2008/3/31, ztheist <delavegal@bellsouth.net>:
Ushta Alex
I fail to see how you can categorically ascribe Monism to Mazdayasna. Some pasages in the Gathas and some positions taking much later might be interpreted that way but certainly there are other interpretations open. Now for myself, and I would wager, the majority of people that would call themselves Mazdayasni do not see Mazdayasna as Monist. This is irregardless of the Gathas which, I believe, can hardly be used to bolster a Monist view. Immanence, for example, is present as omnipresence in all the major religions, but Monism, religiously speaking, equates existence with godhood and, if that is so and it obviously is, Hinduism, in its philosophical manifestations, is a far better vehicle for such a thelogy of the One.
Ziism is dualistic, (at least in its ethical aspect) in fact, it stands as the mother of all dualistic theologies from Taoism to Islam. This is evidently so because evil in the Gathas, which is the 'document' that first introduces Zarathushtrian teaching to the world, has a definite existence even if we interpreted as wrongfulness. In Monoism evil cannot exist without making the Cosmos , or Existence, or the All, or the Absolute or God ( whatever the centerpoint) evil as well. In this respect the Abrahamic religions end up being Monistic in spite of asseverations to the contrary, because, they end up attributing , (either openly, or by purported actions) evil to God/Universe/The Absolute.
Ziism is Ethically Dualist It does not, clearly, go from there to any categorically Monist statements. The best a Monist can say from the evidence is that eventually it might lead to total union which can then be viewed as Monist. Somewhat like Dina's one being theory; which is completing itself making itself fully One in nature
Of course you can use some possible interpretations, of Ziism ( while totally ignoring others) and wed them to Monist beliefs. But is that Ziism? And how is this truly different from Buddhism and Hinduism? I think is self evident that, at face value, there are many conflicts with Ziist doctrines, both with the original and the accretions. To me, this at best will make the theology confusing and at worst inferior to the established truly Monist theologies which do not contradict themselves in this point.

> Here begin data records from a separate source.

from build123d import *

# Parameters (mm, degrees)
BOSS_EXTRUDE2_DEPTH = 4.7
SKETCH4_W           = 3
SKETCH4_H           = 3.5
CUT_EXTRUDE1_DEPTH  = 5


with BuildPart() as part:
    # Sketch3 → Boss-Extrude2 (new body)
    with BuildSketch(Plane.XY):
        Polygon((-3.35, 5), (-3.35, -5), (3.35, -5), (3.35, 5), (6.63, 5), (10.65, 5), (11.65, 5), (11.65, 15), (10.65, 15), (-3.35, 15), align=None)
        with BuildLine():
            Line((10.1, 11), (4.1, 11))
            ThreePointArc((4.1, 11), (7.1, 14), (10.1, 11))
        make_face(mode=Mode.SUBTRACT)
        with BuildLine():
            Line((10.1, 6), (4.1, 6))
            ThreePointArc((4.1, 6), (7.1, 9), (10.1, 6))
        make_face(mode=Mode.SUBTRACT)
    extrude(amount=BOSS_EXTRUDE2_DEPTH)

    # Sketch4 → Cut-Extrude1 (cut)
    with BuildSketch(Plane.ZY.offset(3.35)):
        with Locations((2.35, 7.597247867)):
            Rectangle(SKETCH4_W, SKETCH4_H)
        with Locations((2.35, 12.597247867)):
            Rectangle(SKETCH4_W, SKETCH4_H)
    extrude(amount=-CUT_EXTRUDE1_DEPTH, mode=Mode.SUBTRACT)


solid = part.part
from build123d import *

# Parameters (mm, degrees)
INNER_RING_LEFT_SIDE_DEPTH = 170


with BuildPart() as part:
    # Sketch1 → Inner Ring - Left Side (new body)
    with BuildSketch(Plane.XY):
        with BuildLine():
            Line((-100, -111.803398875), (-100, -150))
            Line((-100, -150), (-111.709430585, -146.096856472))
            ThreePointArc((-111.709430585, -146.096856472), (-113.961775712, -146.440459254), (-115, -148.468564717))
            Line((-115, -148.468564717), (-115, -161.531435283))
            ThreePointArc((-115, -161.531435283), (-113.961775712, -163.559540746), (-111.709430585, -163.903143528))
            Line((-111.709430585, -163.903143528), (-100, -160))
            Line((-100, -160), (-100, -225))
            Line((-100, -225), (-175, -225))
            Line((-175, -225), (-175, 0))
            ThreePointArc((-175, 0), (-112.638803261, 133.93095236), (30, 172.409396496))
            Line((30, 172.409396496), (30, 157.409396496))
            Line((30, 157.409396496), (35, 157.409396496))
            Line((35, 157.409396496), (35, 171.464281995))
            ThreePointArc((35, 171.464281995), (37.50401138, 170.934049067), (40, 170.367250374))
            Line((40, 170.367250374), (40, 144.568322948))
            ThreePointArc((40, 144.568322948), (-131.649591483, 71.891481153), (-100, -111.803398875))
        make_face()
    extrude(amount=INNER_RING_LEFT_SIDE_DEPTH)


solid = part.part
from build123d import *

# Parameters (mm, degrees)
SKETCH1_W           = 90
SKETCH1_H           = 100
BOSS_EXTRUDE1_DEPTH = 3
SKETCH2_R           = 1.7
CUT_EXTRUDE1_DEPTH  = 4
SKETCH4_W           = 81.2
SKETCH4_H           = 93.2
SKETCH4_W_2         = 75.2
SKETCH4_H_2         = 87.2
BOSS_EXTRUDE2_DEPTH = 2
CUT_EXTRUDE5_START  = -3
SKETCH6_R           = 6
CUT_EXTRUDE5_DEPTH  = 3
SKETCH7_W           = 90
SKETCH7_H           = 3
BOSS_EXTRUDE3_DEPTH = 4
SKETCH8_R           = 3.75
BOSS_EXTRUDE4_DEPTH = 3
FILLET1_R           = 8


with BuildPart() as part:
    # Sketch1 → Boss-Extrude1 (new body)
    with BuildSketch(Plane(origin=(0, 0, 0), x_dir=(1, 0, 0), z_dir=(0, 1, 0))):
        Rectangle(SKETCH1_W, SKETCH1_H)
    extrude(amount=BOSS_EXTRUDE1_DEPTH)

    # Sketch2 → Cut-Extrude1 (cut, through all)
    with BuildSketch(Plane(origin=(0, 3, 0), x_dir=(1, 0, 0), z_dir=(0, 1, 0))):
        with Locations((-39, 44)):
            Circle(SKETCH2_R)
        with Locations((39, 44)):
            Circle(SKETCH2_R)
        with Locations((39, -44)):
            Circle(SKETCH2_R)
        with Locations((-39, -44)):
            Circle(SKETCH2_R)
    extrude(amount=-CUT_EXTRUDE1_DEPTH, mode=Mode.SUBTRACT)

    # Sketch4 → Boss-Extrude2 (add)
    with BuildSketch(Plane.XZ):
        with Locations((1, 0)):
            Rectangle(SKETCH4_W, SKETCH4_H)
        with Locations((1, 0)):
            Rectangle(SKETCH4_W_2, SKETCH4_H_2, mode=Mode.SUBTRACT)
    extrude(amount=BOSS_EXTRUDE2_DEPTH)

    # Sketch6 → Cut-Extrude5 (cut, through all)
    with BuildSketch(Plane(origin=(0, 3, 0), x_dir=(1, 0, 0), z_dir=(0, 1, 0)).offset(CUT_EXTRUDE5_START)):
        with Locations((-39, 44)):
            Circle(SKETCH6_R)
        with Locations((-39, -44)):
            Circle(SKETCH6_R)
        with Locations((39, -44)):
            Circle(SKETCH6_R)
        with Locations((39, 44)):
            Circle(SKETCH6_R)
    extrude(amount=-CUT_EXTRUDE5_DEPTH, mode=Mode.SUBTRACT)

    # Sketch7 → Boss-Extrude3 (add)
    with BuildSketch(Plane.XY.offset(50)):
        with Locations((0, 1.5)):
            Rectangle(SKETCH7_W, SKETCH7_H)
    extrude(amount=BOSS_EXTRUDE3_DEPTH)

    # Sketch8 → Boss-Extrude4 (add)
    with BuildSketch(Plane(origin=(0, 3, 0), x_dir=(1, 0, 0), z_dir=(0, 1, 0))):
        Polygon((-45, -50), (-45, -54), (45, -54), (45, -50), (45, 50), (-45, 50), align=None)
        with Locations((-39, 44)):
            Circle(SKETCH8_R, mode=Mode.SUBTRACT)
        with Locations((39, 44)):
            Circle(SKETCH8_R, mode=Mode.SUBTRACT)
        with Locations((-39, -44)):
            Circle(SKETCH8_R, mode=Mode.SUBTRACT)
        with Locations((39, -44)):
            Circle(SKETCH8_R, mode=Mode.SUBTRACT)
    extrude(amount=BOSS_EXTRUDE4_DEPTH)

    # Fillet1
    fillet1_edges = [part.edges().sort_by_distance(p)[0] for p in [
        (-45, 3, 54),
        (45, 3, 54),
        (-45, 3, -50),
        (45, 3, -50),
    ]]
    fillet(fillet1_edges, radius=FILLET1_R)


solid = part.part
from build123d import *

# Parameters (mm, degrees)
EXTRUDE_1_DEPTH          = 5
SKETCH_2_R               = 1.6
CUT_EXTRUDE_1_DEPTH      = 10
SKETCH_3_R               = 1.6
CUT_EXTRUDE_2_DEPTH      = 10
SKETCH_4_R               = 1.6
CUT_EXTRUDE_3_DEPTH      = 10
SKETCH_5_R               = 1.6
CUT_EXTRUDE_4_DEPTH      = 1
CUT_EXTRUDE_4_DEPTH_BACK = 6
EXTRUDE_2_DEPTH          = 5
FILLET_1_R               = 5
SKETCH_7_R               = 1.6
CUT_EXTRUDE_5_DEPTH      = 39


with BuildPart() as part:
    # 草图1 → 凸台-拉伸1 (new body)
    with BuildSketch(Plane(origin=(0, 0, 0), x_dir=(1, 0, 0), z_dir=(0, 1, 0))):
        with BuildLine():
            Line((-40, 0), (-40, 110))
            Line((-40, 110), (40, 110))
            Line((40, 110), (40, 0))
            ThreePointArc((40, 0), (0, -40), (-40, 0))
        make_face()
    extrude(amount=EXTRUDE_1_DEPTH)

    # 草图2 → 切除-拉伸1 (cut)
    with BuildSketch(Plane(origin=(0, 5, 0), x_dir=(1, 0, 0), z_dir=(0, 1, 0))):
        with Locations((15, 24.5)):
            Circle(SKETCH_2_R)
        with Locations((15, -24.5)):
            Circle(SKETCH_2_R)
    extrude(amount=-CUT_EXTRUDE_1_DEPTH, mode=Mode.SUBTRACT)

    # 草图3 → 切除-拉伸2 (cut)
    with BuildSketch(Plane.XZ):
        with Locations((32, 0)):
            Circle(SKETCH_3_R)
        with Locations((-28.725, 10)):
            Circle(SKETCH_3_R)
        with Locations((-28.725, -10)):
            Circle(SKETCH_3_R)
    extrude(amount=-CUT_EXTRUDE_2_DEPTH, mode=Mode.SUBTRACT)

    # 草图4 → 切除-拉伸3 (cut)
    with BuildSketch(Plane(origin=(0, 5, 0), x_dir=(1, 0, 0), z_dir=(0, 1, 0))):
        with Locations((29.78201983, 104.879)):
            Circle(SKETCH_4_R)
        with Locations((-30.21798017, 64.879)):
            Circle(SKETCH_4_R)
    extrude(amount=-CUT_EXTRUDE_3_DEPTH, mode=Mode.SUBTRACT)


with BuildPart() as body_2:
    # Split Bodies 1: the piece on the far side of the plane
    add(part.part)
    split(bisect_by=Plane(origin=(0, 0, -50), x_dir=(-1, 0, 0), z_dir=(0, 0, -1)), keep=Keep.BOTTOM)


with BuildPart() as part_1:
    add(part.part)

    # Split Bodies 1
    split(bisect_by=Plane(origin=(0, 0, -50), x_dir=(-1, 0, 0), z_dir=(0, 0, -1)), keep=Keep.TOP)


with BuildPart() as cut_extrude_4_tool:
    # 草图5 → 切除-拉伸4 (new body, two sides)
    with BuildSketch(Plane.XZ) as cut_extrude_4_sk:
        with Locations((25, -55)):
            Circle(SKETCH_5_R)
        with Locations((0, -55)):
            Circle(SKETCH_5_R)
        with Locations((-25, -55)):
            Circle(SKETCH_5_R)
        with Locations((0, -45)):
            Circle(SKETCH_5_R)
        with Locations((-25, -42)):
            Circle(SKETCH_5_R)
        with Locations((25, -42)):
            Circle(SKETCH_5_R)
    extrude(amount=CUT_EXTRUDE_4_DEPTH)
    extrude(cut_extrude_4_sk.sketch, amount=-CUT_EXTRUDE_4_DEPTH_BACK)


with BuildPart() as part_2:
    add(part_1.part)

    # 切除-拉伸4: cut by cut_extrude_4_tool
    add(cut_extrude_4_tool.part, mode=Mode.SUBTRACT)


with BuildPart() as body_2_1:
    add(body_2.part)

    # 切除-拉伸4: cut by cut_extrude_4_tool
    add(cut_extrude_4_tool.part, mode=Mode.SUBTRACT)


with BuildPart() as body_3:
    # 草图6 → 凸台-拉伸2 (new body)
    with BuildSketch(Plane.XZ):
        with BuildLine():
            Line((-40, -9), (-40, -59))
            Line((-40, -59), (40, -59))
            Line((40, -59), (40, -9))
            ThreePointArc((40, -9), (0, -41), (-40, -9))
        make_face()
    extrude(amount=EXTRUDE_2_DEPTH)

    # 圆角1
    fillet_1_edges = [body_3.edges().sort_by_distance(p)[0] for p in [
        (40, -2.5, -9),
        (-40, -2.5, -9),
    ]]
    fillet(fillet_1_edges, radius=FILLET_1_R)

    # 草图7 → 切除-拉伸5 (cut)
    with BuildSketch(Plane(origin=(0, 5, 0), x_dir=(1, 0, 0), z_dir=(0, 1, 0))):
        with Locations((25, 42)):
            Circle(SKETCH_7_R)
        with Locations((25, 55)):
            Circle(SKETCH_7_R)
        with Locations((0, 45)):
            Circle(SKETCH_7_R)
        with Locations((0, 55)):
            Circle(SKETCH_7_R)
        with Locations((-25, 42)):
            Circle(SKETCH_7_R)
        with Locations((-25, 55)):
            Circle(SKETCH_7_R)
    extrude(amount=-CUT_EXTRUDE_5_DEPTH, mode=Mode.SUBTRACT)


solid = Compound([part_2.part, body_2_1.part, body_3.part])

Be that as it may, its your right to opine but when making sweeping statements like :
" Mazdayasna is a monist and not a dualist faith (like Islam, Christianity and Judaism, which are all dualist faiths) " you are open to charges of exaggeration since there are several different (and arguably better) and less contradictive (of the sources) plausible interpretations of the nature of Mazdayasna.
Ushta Te
Ron
----- Original Message -----
Sent: Monday, March 31, 2008 10:52 AM
Subject: [zoroastrians] Monist Mazdayasna - and how we really die when we die...

Dear Zaneta

I firmly believe that consciousness is connected to the body we live in. It is a product of the body itself. All monist faiths agree with me on this issue, and Mazdayasna is a monist and not a dualist faith (like Islam, Christianity and Judaism, which are all dualist faiths). In other words: There is no consciousness unless it is produced by a specific brain. There is no consciousness without a functioning brain. There is no soul separate from the body. So when the body dies and withers away (which it clearly does when we die) consciousness goes away with the body. Period. So while we can poetically speak of a life after death it exists only in the sense that there was a "life before we were born". This is not was is traditionally meant with an after-life, so I do not believe there is such a thing as an after-life in a traditional sense. It would require a soul separate from the body, and there is no such thing. There exists no such thing. And until somebody has poven that such a soul separate from the body exists, I regard such beliefs as fairytales and nonsense. That's my belief, based on facts and not on fairytales or wishful thinking of any kind. I prefer reality to fairytales. I prefer truth to nonsense.